*Task to carry out*
Go through the records and restate them word for word, omitting images.

_____

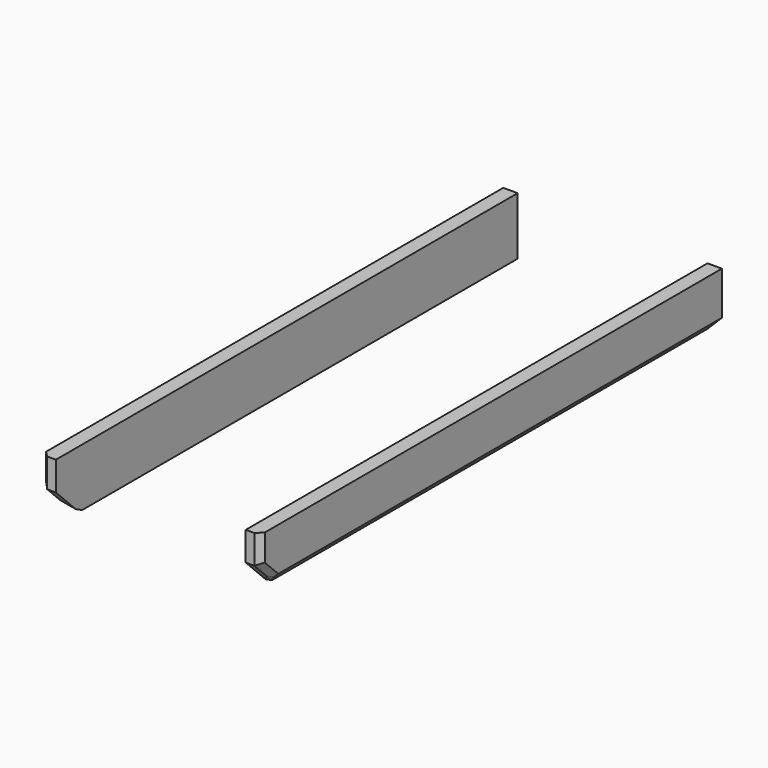
from build123d import *

# Parameters (mm, degrees)
F0_W          = 12.7
F0_H          = 508
F1_DEPTH      = 50.8
F2_SIZE       = 25.4
F4_DEPTH      = 50.8
F5_SIZE       = 25.4
F6_SIZE       = 12.69999
F6_2_SIZE     = 12.69999
F7_T1_DEPTH   = 51.5282991577
F7_T3_DEPTH   = 44.088825542
F7_T5_DEPTH   = 11.4662899398
F7_T7_DEPTH   = 37.54990514
F7_2_T1_DEPTH = 51.5282991577
F7_2_T3_DEPTH = 44.088825542
F7_2_T5_DEPTH = 37.54990514
F7_2_T7_DEPTH = 11.4662899398


# Not quite as in the source:
# - a fillet or chamfer that OpenCascade refuses, or shapes differently, is made with other operations: its cross-section is extruded or revolved along the edge and cut away or added
# - a fillet or chamfer is up to 0.001 mm smaller than in the source, because OpenCascade refuses the exact size
# - a feature of the source that left no trace in its solid (it failed there, or was rolled back) is left out


with BuildPart() as f1:
    # F0 (on Top) → F1 (new body)
    with BuildSketch(Plane.XY):
        Rectangle(F0_W, F0_H)
    extrude(amount=F1_DEPTH)

    # F2
    f2_edges = [f1.edges().sort_by_distance(p)[0] for p in [
        (0, -254, 0),
    ]]
    chamfer(f2_edges, length=F2_SIZE)

    # F6#2 (size 12.7 in the source; OpenCascade refuses exactly that, so slightly less here)
    f6_2_edges = [f1.edges().sort_by_distance(p)[0] for p in [
        (-6.35, 12.7, 0),
    ]]
    chamfer(f6_2_edges, length=F6_2_SIZE)

    # F7: chamfer of 5.08 on 4 edges, made by hand

    # F7_s2 → F7_t1 (cut)
    with BuildSketch(Plane.XY.offset(12.3358504211)):
        Polygon((-6.35, -248.92), (-1.27, -254), (-6.35, -254), align=None)
    extrude(amount=F7_T1_DEPTH, mode=Mode.SUBTRACT)

    # F7_s4 → F7_t3 (cut)
    with BuildSketch(Plane(origin=(0, -148.9377487577, 148.9377487577), x_dir=(1, 0, 0), z_dir=(0, 0.7071067812, -0.7071067812))):
        Polygon((-6.35, 156.5646101792), (-1.27, 161.6446101792), (-6.35, 161.6446101792), align=None)
    extrude(amount=F7_T3_DEPTH, mode=Mode.SUBTRACT)

    # F7_s6 → F7_t5 (cut)
    with BuildSketch(Plane.YZ.offset(0.6168500301)):
        Polygon((-230.0878975516, 1.4878975516), (-226.4957951031, 0), (-228.6, 0), align=None)
    extrude(amount=F7_T5_DEPTH, mode=Mode.SUBTRACT)

    # F7_s8 → F7_t7 (cut)
    with BuildSketch(Plane(origin=(-91.273055587, -91.273055587, 91.273055587), x_dir=(-0.7071067812, 0.7071067812, 0), z_dir=(0.5773502692, 0.5773502692, -0.5773502692))):
        Polygon((-168.6747311687, -89.2667169543), (-163.5947311687, -89.2667169543), (-166.1347311687, -90.7331866381), align=None)
    extrude(amount=F7_T7_DEPTH, mode=Mode.SUBTRACT)


with BuildPart() as f4:
    # F0 (on Top) → F4 (new body)
    with BuildSketch(Plane.XY):
        with Locations((179.7861009836, 0)):
            Rectangle(F0_W, F0_H)
    extrude(amount=F4_DEPTH)

    # F5
    f5_edges = [f4.edges().sort_by_distance(p)[0] for p in [
        (179.786101, -254, 0),
    ]]
    chamfer(f5_edges, length=F5_SIZE)

    # F6 (size 12.7 in the source; OpenCascade refuses exactly that, so slightly less here)
    f6_edges = [f4.edges().sort_by_distance(p)[0] for p in [
        (186.136101, 12.7, 0),
    ]]
    chamfer(f6_edges, length=F6_SIZE)

    # F7#2: chamfer of 5.08 on 4 edges, made by hand

    # F7_2_s2 → F7_2_t1 (cut)
    with BuildSketch(Plane.XY.offset(12.3358504211)):
        Polygon((186.1361009836, -248.92), (181.0561009836, -254), (186.1361009836, -254), align=None)
    extrude(amount=F7_2_T1_DEPTH, mode=Mode.SUBTRACT)

    # F7_2_s4 → F7_2_t3 (cut)
    with BuildSketch(Plane(origin=(0, -148.9377487577, 148.9377487577), x_dir=(1, 0, 0), z_dir=(0, 0.7071067812, -0.7071067812))):
        Polygon((186.1361009836, 156.5646101792), (181.0561009836, 161.6446101792), (186.1361009836, 161.6446101792), align=None)
    extrude(amount=F7_2_T3_DEPTH, mode=Mode.SUBTRACT)

    # F7_2_s6 → F7_2_t5 (cut)
    with BuildSketch(Plane(origin=(151.2017559148, -151.2017559148, 151.2017559148), x_dir=(-0.7071067812, -0.7071067812, 0), z_dir=(-0.5773502692, 0.5773502692, -0.5773502692))):
        Polygon((36.4667600001, -162.6640853301), (41.5467600001, -162.6640853301), (39.0067600001, -164.1305550138), align=None)
    extrude(amount=F7_2_T5_DEPTH, mode=Mode.SUBTRACT)

    # F7_2_s8 → F7_2_t7 (cut)
    with BuildSketch(Plane.YZ.offset(167.7029610137)):
        Polygon((-226.4957951031, 0), (-230.0878975516, 1.4878975516), (-228.6, 0), align=None)
    extrude(amount=F7_2_T7_DEPTH, mode=Mode.SUBTRACT)


solid = Compound([f1.part, f4.part])

_____

*Output of the exercise*
from build123d import *

# Parameters (mm, degrees)
F0_W          = 12.7
F0_H          = 508
F1_DEPTH      = 50.8
F2_SIZE       = 25.4
F4_DEPTH      = 50.8
F5_SIZE       = 25.4
F6_SIZE       = 12.69999
F6_2_SIZE     = 12.69999
F7_T1_DEPTH   = 51.5282991577
F7_T3_DEPTH   = 44.088825542
F7_T5_DEPTH   = 11.4662899398
F7_T7_DEPTH   = 37.54990514
F7_2_T1_DEPTH = 51.5282991577
F7_2_T3_DEPTH = 44.088825542
F7_2_T5_DEPTH = 37.54990514
F7_2_T7_DEPTH = 11.4662899398


# Not quite as in the source:
# - a fillet or chamfer that OpenCascade refuses, or shapes differently, is made with other operations: its cross-section is extruded or revolved along the edge and cut away or added
# - a fillet or chamfer is up to 0.001 mm smaller than in the source, because OpenCascade refuses the exact size
# - a feature of the source that left no trace in its solid (it failed there, or was rolled back) is left out


with BuildPart() as f1:
    # F0 (on Top) → F1 (new body)
    with BuildSketch(Plane.XY):
        Rectangle(F0_W, F0_H)
    extrude(amount=F1_DEPTH)

    # F2
    f2_edges = [f1.edges().sort_by_distance(p)[0] for p in [
        (0, -254, 0),
    ]]
    chamfer(f2_edges, length=F2_SIZE)

    # F6#2 (size 12.7 in the source; OpenCascade refuses exactly that, so slightly less here)
    f6_2_edges = [f1.edges().sort_by_distance(p)[0] for p in [
        (-6.35, 12.7, 0),
    ]]
    chamfer(f6_2_edges, length=F6_2_SIZE)

    # F7: chamfer of 5.08 on 4 edges, made by hand

    # F7_s2 → F7_t1 (cut)
    with BuildSketch(Plane.XY.offset(12.3358504211)):
        Polygon((-6.35, -248.92), (-1.27, -254), (-6.35, -254), align=None)
    extrude(amount=F7_T1_DEPTH, mode=Mode.SUBTRACT)

    # F7_s4 → F7_t3 (cut)
    with BuildSketch(Plane(origin=(0, -148.9377487577, 148.9377487577), x_dir=(1, 0, 0), z_dir=(0, 0.7071067812, -0.7071067812))):
        Polygon((-6.35, 156.5646101792), (-1.27, 161.6446101792), (-6.35, 161.6446101792), align=None)
    extrude(amount=F7_T3_DEPTH, mode=Mode.SUBTRACT)

    # F7_s6 → F7_t5 (cut)
    with BuildSketch(Plane.YZ.offset(0.6168500301)):
        Polygon((-230.0878975516, 1.4878975516), (-226.4957951031, 0), (-228.6, 0), align=None)
    extrude(amount=F7_T5_DEPTH, mode=Mode.SUBTRACT)

    # F7_s8 → F7_t7 (cut)
    with BuildSketch(Plane(origin=(-91.273055587, -91.273055587, 91.273055587), x_dir=(-0.7071067812, 0.7071067812, 0), z_dir=(0.5773502692, 0.5773502692, -0.5773502692))):
        Polygon((-168.6747311687, -89.2667169543), (-163.5947311687, -89.2667169543), (-166.1347311687, -90.7331866381), align=None)
    extrude(amount=F7_T7_DEPTH, mode=Mode.SUBTRACT)


with BuildPart() as f4:
    # F0 (on Top) → F4 (new body)
    with BuildSketch(Plane.XY):
        with Locations((179.7861009836, 0)):
            Rectangle(F0_W, F0_H)
    extrude(amount=F4_DEPTH)

    # F5
    f5_edges = [f4.edges().sort_by_distance(p)[0] for p in [
        (179.786101, -254, 0),
    ]]
    chamfer(f5_edges, length=F5_SIZE)

    # F6 (size 12.7 in the source; OpenCascade refuses exactly that, so slightly less here)
    f6_edges = [f4.edges().sort_by_distance(p)[0] for p in [
        (186.136101, 12.7, 0),
    ]]
    chamfer(f6_edges, length=F6_SIZE)

    # F7#2: chamfer of 5.08 on 4 edges, made by hand

    # F7_2_s2 → F7_2_t1 (cut)
    with BuildSketch(Plane.XY.offset(12.3358504211)):
        Polygon((186.1361009836, -248.92), (181.0561009836, -254), (186.1361009836, -254), align=None)
    extrude(amount=F7_2_T1_DEPTH, mode=Mode.SUBTRACT)

    # F7_2_s4 → F7_2_t3 (cut)
    with BuildSketch(Plane(origin=(0, -148.9377487577, 148.9377487577), x_dir=(1, 0, 0), z_dir=(0, 0.7071067812, -0.7071067812))):
        Polygon((186.1361009836, 156.5646101792), (181.0561009836, 161.6446101792), (186.1361009836, 161.6446101792), align=None)
    extrude(amount=F7_2_T3_DEPTH, mode=Mode.SUBTRACT)

    # F7_2_s6 → F7_2_t5 (cut)
    with BuildSketch(Plane(origin=(151.2017559148, -151.2017559148, 151.2017559148), x_dir=(-0.7071067812, -0.7071067812, 0), z_dir=(-0.5773502692, 0.5773502692, -0.5773502692))):
        Polygon((36.4667600001, -162.6640853301), (41.5467600001, -162.6640853301), (39.0067600001, -164.1305550138), align=None)
    extrude(amount=F7_2_T5_DEPTH, mode=Mode.SUBTRACT)

    # F7_2_s8 → F7_2_t7 (cut)
    with BuildSketch(Plane.YZ.offset(167.7029610137)):
        Polygon((-226.4957951031, 0), (-230.0878975516, 1.4878975516), (-228.6, 0), align=None)
    extrude(amount=F7_2_T7_DEPTH, mode=Mode.SUBTRACT)


solid = Compound([f1.part, f4.part])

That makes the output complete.